Tag Duplicates

FilterDuplicates #

[[step]]
    action = "TagDuplicates"
    false_positive_rate = 0.00001 #
            # the false positive rate of the filter.
            # 0..1
    seed = 59 # required!
    source = "All" # Any input segment, 'All', 'tag:<tag-name>' or 'name:<segment>'
    # split_character = "/" # required (and accepted only iff using name:<segment>
    out_label = "dups"

[[step]]
    action = "FilterByTag"
    in_label = "dups"
    keep_or_remove = "Remove" # Keep|Remove

Tag duplicates (2nd onwards) from the stream using a Cuckoo filter.

That’s a probabilistic data structure, accordingly there’s a false positive rate, and a tunable memory requirement.

Needs a seed for the random number generator, and a source to know which values to consider for deduplication (filters the complete molecule, like all other filters of course).

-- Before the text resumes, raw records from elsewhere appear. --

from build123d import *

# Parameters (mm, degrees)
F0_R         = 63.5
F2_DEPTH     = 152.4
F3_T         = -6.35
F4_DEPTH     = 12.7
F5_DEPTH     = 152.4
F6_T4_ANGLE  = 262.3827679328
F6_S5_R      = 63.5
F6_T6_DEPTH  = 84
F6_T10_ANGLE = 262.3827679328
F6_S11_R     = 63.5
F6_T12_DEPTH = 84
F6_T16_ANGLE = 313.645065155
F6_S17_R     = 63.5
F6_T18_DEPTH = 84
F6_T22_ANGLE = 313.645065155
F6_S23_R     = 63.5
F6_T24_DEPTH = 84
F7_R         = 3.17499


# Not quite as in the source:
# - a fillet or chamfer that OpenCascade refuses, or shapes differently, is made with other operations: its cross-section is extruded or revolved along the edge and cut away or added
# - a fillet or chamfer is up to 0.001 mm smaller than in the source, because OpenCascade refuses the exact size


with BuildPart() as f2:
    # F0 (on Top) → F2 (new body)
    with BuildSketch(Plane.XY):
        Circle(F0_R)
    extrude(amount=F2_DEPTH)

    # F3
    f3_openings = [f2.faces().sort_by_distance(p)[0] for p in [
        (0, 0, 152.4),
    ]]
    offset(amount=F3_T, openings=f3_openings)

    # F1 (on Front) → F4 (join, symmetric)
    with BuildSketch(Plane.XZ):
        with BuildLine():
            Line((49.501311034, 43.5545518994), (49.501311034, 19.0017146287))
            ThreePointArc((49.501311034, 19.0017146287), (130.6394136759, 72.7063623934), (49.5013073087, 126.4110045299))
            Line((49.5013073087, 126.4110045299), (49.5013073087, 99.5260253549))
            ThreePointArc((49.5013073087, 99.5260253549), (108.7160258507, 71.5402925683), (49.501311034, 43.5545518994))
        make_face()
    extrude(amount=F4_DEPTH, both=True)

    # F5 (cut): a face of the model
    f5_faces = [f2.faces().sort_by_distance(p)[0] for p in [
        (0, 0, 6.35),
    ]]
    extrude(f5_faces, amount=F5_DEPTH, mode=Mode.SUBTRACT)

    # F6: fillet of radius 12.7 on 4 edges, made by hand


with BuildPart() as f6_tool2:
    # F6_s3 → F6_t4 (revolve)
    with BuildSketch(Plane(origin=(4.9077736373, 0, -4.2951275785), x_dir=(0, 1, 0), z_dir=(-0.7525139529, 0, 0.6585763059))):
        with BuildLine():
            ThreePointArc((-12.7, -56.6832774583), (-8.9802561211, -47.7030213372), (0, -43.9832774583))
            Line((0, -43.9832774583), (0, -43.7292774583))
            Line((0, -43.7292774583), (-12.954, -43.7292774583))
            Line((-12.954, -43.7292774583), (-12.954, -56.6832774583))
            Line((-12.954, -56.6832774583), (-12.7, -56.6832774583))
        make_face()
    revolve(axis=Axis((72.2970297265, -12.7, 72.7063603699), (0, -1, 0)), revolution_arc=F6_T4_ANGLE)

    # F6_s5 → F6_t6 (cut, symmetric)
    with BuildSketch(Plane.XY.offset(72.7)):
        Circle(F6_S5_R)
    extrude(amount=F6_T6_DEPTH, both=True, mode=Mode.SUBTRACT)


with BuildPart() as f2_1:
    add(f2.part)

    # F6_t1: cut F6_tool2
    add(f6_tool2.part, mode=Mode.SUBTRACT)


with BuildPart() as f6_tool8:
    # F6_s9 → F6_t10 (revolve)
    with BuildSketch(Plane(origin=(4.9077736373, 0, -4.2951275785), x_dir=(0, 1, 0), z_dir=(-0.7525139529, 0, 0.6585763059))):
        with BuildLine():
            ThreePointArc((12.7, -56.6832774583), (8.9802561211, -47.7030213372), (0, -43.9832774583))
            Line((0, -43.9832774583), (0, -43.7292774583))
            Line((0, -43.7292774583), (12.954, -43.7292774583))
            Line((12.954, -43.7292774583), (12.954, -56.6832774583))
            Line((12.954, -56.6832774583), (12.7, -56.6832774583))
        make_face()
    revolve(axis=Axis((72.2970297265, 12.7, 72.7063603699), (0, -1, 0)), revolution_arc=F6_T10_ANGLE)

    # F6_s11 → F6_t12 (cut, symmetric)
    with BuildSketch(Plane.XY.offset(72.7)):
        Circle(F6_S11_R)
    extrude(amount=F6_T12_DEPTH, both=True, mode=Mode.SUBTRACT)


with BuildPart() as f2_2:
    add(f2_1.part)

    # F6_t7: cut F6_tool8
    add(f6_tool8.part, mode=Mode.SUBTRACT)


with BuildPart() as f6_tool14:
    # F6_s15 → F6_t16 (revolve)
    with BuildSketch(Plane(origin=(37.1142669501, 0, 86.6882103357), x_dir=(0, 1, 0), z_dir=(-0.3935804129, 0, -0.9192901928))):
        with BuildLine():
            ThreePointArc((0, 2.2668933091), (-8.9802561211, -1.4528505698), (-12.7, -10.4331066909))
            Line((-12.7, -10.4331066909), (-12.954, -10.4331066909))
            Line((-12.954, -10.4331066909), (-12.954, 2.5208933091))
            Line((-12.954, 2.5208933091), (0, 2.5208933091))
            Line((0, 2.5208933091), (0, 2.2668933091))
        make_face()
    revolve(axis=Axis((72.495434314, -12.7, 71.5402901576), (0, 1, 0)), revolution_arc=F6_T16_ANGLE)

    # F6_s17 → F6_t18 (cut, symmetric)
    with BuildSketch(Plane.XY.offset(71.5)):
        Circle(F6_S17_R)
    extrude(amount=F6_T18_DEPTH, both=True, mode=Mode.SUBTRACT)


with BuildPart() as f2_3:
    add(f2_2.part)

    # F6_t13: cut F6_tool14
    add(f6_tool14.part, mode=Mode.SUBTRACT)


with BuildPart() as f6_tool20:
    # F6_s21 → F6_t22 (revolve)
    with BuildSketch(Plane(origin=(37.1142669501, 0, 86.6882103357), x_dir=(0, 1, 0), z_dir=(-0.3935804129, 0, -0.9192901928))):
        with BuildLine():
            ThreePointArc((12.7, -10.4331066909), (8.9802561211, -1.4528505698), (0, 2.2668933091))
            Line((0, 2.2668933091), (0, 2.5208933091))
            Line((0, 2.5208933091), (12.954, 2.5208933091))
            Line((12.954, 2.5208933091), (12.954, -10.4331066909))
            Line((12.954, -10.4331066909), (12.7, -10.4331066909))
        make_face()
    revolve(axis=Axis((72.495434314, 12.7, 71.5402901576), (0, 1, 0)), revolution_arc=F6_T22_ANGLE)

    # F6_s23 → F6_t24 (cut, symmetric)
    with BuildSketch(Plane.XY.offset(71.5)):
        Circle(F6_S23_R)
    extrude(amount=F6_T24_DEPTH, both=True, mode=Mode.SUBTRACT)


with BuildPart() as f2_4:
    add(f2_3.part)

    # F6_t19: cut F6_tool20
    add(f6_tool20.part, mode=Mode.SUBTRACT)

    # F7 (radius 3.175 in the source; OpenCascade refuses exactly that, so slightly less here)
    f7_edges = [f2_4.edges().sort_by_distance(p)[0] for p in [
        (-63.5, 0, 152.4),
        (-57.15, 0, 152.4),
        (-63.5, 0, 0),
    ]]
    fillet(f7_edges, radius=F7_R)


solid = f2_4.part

Sources can be a segment name, All (to combine every segment in the molecule), another tag via tag:<tag-name>, or a read name prefix using name:<segment>. The name: form requires split_character to define where to split the read name, matching the semantics of readname_end_char elsewhere in the tool. When referencing an existing tag, every tag value is converted into a binary representation before entering the filter, allowing numeric, boolean, and sequence tags to participate. Because these prefixes are reserved, the output label must not begin with name: or tag:.

The lower you set the false positive rate, the higher your memory requirements will be. 0.00001 might be a good place to start.

If you set the false positive rate to 0.0, a HashSet will be used instead, which will produce exact results, albeit at the expense of keeping a copy of all reads in memory!

Please note our remarks about cuckoo filters.

If the source is a tag, missing values (e.g. not-matching regex results) will always be treated as unique. Only Location/String tags are supported for TagDuplicates.

Interaction with demultiplex #

Duplicates are measured per demultiplexed stream.